Filter the records down to the lines that hold the word "about", and copy each of those lines.
◇ ◇ ◇
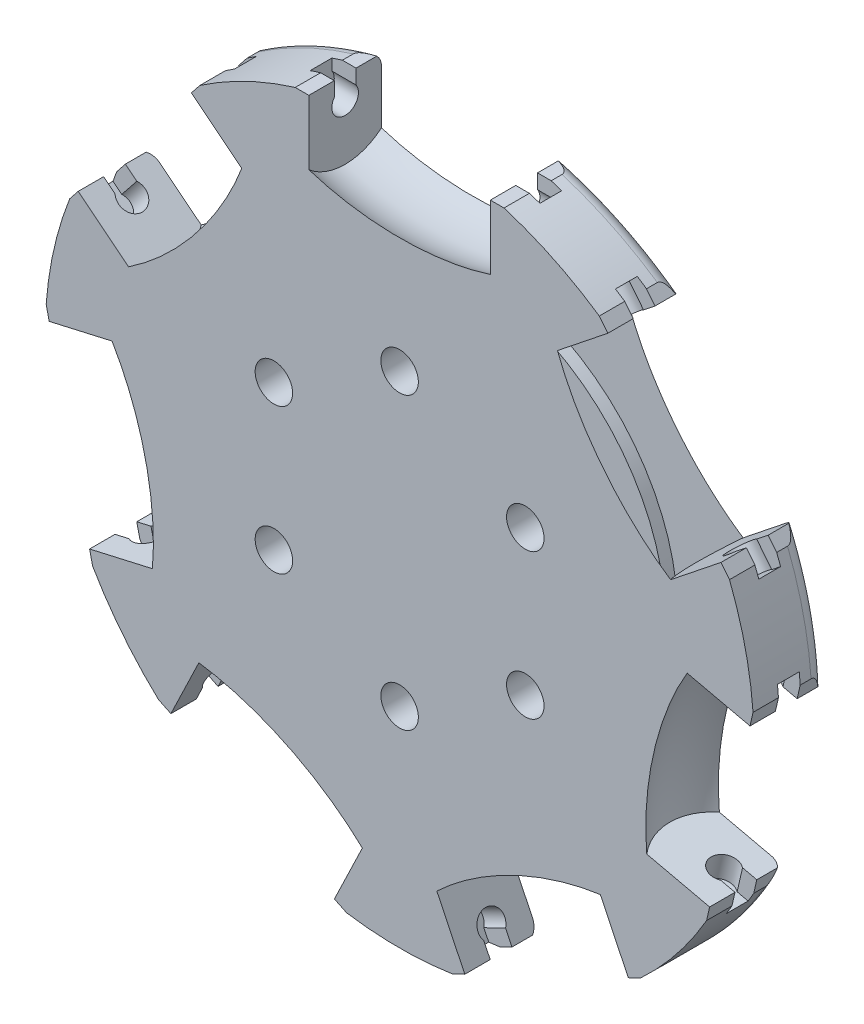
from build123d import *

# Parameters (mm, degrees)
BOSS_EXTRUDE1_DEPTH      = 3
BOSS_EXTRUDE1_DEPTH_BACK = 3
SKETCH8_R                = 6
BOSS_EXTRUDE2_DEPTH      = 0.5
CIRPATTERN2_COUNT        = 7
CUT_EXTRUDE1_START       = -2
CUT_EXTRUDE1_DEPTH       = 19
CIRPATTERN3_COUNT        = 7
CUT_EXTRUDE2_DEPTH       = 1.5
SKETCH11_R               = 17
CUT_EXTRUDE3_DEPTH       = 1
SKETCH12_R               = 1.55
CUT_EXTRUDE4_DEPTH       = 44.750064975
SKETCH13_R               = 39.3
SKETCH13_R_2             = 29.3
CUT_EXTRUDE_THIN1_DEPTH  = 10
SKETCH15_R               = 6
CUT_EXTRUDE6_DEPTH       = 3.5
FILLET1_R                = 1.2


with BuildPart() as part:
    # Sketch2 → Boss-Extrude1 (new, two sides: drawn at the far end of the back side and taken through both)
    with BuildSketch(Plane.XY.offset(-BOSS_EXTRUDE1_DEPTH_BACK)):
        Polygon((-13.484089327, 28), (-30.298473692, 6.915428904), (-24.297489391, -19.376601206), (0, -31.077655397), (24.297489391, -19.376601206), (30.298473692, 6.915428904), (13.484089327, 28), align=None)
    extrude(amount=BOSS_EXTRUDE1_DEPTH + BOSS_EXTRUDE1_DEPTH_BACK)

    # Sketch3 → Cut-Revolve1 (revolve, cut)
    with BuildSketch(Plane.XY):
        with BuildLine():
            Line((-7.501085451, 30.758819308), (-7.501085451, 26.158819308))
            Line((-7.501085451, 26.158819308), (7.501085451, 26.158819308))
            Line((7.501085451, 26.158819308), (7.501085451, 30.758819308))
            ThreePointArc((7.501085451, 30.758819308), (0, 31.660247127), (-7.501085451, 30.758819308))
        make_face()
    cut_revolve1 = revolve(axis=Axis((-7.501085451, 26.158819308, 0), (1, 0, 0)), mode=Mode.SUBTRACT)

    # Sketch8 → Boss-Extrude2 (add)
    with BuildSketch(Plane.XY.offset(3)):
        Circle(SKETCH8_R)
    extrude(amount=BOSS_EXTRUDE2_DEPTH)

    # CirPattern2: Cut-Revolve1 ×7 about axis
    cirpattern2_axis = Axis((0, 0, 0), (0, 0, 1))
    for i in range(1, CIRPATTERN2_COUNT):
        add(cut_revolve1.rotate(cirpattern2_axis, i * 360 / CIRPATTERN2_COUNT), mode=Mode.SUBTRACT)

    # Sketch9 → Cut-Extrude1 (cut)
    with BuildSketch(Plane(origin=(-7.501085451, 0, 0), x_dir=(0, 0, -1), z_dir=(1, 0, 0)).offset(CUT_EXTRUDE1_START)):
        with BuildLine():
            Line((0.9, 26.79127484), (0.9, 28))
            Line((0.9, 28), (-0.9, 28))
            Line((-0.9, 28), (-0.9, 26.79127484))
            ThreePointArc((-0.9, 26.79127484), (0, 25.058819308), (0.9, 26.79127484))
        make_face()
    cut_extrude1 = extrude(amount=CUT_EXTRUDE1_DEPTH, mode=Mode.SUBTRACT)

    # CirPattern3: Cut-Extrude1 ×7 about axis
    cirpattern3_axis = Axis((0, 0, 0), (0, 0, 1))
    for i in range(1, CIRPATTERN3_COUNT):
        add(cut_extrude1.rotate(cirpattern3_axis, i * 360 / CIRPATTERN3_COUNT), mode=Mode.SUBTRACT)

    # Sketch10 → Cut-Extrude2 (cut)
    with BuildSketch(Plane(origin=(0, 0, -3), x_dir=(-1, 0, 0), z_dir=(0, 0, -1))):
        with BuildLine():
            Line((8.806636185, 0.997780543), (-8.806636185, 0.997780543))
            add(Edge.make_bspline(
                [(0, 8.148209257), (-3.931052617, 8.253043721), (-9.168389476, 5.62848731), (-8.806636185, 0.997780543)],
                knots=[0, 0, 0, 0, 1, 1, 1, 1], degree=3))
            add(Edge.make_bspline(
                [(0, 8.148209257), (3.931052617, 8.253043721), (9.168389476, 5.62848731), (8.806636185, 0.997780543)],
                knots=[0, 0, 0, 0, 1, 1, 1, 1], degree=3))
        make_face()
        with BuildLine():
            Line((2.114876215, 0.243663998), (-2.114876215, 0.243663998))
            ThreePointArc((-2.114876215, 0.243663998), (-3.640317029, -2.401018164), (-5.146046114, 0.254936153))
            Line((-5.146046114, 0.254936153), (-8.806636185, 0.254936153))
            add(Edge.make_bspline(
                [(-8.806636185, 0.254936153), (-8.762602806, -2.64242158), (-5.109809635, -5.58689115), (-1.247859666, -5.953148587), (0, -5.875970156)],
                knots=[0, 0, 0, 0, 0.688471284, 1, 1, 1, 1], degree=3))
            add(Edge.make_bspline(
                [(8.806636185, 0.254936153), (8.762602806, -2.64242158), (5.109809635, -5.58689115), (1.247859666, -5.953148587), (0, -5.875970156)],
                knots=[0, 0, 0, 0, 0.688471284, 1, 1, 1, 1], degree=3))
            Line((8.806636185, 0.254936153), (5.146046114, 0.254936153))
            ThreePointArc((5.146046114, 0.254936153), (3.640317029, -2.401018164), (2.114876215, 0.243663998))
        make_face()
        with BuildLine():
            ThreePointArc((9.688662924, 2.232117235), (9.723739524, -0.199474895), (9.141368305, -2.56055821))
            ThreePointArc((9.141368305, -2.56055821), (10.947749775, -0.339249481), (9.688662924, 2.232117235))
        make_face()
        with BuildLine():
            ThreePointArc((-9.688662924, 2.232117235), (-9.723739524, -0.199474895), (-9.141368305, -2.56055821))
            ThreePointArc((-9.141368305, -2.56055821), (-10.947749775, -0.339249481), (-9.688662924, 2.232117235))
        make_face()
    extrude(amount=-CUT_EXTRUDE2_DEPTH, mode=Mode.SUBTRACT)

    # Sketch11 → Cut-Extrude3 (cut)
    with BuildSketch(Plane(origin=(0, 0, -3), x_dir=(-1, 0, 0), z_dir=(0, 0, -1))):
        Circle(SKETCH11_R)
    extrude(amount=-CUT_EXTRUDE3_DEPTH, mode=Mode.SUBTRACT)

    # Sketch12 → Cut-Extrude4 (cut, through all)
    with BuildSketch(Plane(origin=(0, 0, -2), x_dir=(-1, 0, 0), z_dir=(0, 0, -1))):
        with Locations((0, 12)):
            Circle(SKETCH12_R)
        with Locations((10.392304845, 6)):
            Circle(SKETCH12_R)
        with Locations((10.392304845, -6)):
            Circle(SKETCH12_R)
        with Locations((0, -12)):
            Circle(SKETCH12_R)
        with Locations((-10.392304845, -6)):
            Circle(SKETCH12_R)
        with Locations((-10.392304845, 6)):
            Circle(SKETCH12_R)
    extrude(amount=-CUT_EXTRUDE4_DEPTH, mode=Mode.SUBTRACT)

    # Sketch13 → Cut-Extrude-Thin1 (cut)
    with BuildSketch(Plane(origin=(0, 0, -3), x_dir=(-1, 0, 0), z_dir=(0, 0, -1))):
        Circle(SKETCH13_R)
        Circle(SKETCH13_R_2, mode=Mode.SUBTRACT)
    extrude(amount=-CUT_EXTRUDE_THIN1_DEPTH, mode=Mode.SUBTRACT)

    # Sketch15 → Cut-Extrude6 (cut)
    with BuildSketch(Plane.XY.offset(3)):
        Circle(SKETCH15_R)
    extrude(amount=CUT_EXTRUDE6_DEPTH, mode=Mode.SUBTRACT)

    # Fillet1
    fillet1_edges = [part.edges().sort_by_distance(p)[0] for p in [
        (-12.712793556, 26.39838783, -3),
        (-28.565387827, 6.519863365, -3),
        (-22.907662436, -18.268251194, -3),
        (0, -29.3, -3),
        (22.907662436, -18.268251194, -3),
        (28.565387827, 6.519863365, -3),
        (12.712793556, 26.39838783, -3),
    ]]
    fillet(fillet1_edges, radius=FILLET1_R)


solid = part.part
◇ ◇ ◇
Response to the task —
    # CirPattern2: Cut-Revolve1 ×7 about axis
    # CirPattern3: Cut-Extrude1 ×7 about axis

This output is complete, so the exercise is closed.